(Stored records)

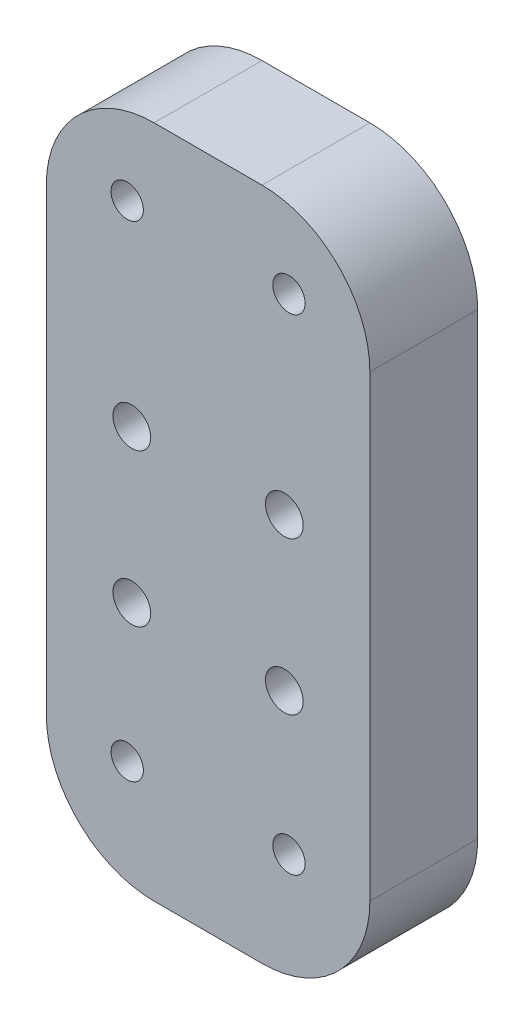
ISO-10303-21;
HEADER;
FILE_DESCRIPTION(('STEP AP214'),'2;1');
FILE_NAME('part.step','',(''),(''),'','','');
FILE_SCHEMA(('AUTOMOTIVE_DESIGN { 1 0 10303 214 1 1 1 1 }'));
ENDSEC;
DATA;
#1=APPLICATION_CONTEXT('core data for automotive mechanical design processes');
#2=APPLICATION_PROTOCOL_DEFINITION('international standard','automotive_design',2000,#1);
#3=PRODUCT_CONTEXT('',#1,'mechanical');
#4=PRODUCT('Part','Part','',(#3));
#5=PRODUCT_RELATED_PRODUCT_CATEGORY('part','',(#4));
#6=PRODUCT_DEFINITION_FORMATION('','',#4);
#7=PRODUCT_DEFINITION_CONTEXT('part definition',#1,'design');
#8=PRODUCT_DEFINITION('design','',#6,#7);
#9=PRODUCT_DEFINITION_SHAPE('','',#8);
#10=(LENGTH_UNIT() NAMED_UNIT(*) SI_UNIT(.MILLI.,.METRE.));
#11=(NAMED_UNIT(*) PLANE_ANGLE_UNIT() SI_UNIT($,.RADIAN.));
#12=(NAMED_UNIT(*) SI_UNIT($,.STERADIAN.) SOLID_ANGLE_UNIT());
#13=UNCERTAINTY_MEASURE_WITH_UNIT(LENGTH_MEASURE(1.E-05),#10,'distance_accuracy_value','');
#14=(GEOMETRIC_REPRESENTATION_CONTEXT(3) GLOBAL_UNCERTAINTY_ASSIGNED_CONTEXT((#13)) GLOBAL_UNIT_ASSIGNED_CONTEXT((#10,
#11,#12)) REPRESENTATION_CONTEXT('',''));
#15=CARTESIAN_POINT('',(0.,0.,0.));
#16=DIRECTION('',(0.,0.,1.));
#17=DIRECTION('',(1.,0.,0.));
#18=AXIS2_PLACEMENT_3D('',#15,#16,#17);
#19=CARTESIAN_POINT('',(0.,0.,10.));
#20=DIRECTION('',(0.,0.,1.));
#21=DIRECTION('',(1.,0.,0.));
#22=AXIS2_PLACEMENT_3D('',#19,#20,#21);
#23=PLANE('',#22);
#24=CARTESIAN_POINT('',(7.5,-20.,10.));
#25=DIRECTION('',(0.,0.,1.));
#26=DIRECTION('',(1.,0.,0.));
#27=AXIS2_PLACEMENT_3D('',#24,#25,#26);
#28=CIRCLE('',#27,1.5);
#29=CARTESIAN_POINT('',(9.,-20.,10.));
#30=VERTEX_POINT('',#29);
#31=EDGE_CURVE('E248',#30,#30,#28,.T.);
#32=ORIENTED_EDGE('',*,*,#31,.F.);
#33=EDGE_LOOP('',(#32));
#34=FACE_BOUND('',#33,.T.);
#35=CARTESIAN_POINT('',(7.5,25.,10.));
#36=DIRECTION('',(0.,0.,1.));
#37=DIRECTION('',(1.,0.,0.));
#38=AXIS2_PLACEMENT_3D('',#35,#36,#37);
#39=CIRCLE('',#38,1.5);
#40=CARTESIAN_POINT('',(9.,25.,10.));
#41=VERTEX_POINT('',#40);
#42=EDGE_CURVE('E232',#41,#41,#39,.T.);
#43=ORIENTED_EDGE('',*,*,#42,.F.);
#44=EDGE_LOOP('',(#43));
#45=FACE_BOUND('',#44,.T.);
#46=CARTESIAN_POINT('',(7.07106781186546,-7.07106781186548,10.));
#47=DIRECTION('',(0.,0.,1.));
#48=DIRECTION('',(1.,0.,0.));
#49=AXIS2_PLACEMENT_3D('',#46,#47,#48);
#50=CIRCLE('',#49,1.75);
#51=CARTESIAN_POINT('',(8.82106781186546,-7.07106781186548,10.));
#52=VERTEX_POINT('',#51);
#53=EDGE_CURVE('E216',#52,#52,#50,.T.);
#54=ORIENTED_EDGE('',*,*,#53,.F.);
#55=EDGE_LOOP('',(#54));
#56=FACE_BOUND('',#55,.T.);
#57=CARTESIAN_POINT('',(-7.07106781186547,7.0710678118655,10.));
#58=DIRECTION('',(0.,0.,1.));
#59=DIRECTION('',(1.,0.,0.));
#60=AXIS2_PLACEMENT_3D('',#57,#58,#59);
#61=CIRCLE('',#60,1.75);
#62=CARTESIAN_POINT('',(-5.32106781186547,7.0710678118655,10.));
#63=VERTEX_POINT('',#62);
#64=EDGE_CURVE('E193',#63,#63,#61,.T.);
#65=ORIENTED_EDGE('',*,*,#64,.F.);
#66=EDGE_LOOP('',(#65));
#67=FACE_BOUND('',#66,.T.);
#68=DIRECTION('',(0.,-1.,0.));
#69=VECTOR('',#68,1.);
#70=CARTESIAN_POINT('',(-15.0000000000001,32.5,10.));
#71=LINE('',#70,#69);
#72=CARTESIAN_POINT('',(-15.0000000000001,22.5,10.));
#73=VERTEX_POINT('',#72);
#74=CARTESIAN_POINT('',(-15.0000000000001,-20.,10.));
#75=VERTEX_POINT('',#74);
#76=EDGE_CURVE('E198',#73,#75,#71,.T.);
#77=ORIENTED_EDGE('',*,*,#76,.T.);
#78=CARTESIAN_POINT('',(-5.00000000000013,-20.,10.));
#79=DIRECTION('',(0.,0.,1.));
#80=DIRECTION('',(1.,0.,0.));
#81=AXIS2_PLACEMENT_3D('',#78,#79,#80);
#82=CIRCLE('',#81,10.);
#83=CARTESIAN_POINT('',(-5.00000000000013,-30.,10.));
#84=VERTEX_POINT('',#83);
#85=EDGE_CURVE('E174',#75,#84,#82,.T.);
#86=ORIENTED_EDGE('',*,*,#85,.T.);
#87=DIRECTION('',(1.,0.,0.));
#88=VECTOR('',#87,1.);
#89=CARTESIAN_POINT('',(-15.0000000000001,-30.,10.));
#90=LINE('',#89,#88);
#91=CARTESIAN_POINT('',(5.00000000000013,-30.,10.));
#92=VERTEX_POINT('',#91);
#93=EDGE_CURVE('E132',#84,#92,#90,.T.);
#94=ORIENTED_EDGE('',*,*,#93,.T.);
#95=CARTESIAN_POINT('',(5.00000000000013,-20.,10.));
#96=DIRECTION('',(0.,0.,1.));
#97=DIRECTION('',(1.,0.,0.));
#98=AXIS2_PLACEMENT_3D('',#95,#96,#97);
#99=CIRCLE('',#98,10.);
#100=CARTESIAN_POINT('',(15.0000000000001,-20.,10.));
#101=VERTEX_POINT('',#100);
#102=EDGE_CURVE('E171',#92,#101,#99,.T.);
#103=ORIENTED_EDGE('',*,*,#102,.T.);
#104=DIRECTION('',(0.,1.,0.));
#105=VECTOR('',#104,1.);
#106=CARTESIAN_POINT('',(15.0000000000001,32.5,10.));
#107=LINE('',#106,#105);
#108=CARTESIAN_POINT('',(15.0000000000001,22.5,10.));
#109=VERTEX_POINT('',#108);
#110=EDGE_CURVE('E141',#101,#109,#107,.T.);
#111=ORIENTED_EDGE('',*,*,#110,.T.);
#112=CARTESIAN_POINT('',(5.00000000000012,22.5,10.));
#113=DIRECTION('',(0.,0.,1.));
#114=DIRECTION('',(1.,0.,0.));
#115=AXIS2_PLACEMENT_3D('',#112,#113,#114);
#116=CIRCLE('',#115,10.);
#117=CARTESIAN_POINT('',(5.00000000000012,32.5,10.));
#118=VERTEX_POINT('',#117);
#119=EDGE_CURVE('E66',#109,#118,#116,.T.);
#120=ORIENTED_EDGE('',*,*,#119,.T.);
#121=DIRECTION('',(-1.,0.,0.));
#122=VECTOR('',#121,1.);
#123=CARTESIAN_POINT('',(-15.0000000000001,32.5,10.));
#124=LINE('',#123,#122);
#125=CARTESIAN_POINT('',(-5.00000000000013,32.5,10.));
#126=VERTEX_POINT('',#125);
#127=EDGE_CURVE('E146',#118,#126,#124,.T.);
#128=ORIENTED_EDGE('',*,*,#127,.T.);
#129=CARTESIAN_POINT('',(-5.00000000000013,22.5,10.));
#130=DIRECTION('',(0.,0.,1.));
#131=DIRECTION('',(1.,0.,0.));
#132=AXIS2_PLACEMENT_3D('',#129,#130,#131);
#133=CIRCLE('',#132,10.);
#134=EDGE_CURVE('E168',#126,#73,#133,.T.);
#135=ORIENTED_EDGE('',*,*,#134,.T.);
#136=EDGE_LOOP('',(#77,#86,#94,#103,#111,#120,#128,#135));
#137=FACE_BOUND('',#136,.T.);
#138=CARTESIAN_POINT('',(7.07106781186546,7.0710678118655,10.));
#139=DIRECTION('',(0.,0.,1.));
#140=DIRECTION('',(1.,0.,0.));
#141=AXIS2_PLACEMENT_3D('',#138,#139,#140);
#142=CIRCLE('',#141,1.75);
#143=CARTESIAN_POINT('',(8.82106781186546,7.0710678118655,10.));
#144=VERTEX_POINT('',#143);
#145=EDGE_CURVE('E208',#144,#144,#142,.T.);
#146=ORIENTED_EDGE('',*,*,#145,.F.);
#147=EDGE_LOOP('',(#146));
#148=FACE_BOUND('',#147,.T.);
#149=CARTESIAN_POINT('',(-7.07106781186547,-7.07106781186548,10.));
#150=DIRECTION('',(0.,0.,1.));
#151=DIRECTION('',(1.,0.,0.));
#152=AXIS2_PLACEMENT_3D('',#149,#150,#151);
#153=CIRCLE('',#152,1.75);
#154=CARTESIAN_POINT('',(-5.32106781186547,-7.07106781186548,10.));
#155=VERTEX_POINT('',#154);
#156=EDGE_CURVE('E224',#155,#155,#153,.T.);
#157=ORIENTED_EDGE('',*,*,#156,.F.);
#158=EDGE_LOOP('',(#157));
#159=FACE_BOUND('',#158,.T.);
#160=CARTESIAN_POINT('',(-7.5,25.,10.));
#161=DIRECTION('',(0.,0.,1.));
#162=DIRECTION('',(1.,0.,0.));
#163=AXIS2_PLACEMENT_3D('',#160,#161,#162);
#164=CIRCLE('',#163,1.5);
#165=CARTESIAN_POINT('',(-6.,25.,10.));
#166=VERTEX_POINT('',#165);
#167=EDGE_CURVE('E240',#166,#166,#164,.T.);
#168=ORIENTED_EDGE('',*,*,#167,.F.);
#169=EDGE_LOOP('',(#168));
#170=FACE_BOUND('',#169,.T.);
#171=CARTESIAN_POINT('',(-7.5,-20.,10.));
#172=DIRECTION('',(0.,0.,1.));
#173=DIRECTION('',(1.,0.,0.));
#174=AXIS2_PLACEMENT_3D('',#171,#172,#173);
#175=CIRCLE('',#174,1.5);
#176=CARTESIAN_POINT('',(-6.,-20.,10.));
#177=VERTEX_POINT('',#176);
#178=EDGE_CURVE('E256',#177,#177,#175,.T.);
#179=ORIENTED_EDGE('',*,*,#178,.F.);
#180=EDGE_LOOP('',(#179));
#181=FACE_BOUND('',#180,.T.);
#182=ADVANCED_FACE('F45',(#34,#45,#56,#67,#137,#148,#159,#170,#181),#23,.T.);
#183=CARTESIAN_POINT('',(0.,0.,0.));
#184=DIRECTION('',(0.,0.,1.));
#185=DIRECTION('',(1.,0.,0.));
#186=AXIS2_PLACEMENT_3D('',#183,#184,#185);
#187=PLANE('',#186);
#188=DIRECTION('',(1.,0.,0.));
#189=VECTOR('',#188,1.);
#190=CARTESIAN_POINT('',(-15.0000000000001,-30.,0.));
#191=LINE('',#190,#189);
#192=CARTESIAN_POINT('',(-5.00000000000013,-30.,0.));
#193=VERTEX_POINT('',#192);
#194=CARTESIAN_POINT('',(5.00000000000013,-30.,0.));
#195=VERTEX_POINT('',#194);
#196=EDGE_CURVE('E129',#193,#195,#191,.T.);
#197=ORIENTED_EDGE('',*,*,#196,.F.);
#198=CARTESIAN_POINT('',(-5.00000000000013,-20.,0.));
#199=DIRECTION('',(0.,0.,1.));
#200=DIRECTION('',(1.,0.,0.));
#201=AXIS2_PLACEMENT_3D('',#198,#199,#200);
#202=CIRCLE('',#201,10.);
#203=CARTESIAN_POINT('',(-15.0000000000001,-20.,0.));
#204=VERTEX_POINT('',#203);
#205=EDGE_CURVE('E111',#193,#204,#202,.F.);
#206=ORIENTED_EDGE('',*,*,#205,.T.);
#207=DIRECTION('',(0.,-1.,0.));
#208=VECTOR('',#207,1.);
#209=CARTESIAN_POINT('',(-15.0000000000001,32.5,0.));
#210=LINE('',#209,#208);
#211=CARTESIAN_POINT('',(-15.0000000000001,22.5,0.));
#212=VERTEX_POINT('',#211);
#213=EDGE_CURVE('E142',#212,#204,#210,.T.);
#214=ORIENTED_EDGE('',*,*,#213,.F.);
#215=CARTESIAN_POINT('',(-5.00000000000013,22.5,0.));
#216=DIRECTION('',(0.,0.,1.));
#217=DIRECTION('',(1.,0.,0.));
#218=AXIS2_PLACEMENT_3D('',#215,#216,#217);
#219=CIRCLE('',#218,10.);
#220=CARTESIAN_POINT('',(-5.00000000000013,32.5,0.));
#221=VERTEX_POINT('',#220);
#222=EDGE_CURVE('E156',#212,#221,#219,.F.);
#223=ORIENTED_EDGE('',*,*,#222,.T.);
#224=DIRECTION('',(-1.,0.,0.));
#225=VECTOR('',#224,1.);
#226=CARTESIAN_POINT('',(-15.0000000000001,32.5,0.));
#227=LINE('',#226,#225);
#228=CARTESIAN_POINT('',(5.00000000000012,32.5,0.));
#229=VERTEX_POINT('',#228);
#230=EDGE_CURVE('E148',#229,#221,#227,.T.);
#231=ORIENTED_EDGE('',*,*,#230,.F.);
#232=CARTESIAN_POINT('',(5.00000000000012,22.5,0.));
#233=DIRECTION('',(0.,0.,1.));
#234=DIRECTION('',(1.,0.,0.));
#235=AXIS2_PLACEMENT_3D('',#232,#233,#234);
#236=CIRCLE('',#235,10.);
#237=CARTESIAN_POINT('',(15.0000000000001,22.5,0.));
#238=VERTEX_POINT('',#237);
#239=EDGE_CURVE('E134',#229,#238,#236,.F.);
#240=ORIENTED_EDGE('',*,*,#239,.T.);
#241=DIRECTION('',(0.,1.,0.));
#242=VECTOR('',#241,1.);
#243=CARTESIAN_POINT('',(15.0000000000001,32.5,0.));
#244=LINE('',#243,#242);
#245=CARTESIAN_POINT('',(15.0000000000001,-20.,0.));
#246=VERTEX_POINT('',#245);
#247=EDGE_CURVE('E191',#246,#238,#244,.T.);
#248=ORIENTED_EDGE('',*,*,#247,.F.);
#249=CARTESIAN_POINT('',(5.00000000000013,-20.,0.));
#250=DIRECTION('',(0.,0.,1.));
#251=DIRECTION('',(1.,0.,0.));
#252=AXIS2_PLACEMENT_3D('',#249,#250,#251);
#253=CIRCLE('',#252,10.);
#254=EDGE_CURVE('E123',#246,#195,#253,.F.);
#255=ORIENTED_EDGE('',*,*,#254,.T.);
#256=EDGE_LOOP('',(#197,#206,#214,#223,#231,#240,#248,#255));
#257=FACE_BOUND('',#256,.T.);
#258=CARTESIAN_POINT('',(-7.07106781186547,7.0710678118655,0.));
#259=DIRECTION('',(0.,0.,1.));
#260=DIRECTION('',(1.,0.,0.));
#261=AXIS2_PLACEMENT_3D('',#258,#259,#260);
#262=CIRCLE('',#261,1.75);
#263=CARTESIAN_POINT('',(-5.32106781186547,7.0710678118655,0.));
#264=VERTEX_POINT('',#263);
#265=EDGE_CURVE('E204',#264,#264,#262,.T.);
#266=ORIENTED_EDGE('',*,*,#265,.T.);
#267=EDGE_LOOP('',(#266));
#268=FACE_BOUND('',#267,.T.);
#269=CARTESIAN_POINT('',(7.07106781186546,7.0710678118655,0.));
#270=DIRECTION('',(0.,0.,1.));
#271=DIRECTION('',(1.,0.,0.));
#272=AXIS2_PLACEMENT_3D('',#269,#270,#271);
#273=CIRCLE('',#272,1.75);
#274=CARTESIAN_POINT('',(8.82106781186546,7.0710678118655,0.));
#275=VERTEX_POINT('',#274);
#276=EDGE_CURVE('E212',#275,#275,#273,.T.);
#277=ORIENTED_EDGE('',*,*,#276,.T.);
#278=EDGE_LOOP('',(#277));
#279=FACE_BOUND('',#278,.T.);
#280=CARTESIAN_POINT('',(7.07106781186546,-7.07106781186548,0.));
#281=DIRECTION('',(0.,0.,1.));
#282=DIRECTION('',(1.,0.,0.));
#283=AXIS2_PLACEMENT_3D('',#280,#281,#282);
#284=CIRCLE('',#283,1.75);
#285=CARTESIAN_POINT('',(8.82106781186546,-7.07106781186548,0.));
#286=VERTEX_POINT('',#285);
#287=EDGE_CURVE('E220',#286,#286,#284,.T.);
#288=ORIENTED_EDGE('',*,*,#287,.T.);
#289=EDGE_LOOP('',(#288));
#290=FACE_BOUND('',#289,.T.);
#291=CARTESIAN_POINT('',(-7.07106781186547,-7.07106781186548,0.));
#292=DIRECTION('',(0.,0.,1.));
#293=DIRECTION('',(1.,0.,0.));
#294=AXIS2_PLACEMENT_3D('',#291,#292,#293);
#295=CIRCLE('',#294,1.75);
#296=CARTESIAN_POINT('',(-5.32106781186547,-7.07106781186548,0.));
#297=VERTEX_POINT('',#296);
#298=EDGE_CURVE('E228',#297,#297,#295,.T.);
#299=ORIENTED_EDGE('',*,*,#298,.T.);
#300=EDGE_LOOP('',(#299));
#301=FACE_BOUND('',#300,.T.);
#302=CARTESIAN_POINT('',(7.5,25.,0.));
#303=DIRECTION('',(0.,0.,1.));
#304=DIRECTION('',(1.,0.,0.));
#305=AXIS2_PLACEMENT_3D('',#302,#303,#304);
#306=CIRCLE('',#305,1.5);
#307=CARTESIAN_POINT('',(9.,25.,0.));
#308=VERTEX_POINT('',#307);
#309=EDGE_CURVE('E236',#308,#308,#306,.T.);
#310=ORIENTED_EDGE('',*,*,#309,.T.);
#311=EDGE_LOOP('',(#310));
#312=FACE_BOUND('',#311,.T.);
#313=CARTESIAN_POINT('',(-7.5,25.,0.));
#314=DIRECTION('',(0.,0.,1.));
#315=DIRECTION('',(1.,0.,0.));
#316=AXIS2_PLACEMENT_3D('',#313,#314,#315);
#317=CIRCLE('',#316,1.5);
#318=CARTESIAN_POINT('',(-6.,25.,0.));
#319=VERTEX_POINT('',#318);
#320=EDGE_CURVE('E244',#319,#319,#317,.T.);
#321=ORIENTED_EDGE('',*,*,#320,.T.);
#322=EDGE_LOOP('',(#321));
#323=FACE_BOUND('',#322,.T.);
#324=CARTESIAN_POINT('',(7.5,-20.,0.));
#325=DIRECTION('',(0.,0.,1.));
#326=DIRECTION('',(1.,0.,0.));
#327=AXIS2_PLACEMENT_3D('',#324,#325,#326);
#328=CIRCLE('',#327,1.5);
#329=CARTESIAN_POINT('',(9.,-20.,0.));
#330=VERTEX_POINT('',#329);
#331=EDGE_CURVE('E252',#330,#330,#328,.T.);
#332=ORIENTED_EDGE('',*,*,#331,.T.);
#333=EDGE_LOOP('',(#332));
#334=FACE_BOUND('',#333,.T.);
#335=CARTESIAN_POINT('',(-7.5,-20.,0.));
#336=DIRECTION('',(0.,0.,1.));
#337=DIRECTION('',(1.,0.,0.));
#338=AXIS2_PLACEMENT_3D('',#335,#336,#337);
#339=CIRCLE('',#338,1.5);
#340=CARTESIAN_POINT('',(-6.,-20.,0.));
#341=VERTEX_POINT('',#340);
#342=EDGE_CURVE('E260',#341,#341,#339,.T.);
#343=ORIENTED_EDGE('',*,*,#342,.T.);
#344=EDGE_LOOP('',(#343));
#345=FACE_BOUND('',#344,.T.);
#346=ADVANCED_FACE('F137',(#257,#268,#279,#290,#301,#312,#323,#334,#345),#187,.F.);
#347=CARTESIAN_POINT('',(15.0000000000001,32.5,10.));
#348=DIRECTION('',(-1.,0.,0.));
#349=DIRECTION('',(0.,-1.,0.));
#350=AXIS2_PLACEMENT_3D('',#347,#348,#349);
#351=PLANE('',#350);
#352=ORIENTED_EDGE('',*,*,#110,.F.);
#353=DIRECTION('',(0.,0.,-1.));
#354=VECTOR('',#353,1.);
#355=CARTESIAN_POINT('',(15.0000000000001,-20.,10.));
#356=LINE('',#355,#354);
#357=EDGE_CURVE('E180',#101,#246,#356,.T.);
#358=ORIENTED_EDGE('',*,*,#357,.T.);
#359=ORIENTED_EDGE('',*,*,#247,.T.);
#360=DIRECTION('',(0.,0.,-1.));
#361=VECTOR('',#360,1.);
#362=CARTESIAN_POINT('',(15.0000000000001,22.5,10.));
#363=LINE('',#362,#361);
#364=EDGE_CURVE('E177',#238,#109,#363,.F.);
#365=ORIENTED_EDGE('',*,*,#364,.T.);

* **Requirement**: Using the entries above, return exactly the lines from the line with "#343=ORIENTED_EDGE('',*,*,#342,.T.);" to the line with "#350=AXIS2_PLACEMENT_3D('',#347,#348,#349);", counting both of those lines.

* **Response area**:
#343=ORIENTED_EDGE('',*,*,#342,.T.);
#344=EDGE_LOOP('',(#343));
#345=FACE_BOUND('',#344,.T.);
#346=ADVANCED_FACE('F137',(#257,#268,#279,#290,#301,#312,#323,#334,#345),#187,.F.);
#347=CARTESIAN_POINT('',(15.0000000000001,32.5,10.));
#348=DIRECTION('',(-1.,0.,0.));
#349=DIRECTION('',(0.,-1.,0.));
#350=AXIS2_PLACEMENT_3D('',#347,#348,#349);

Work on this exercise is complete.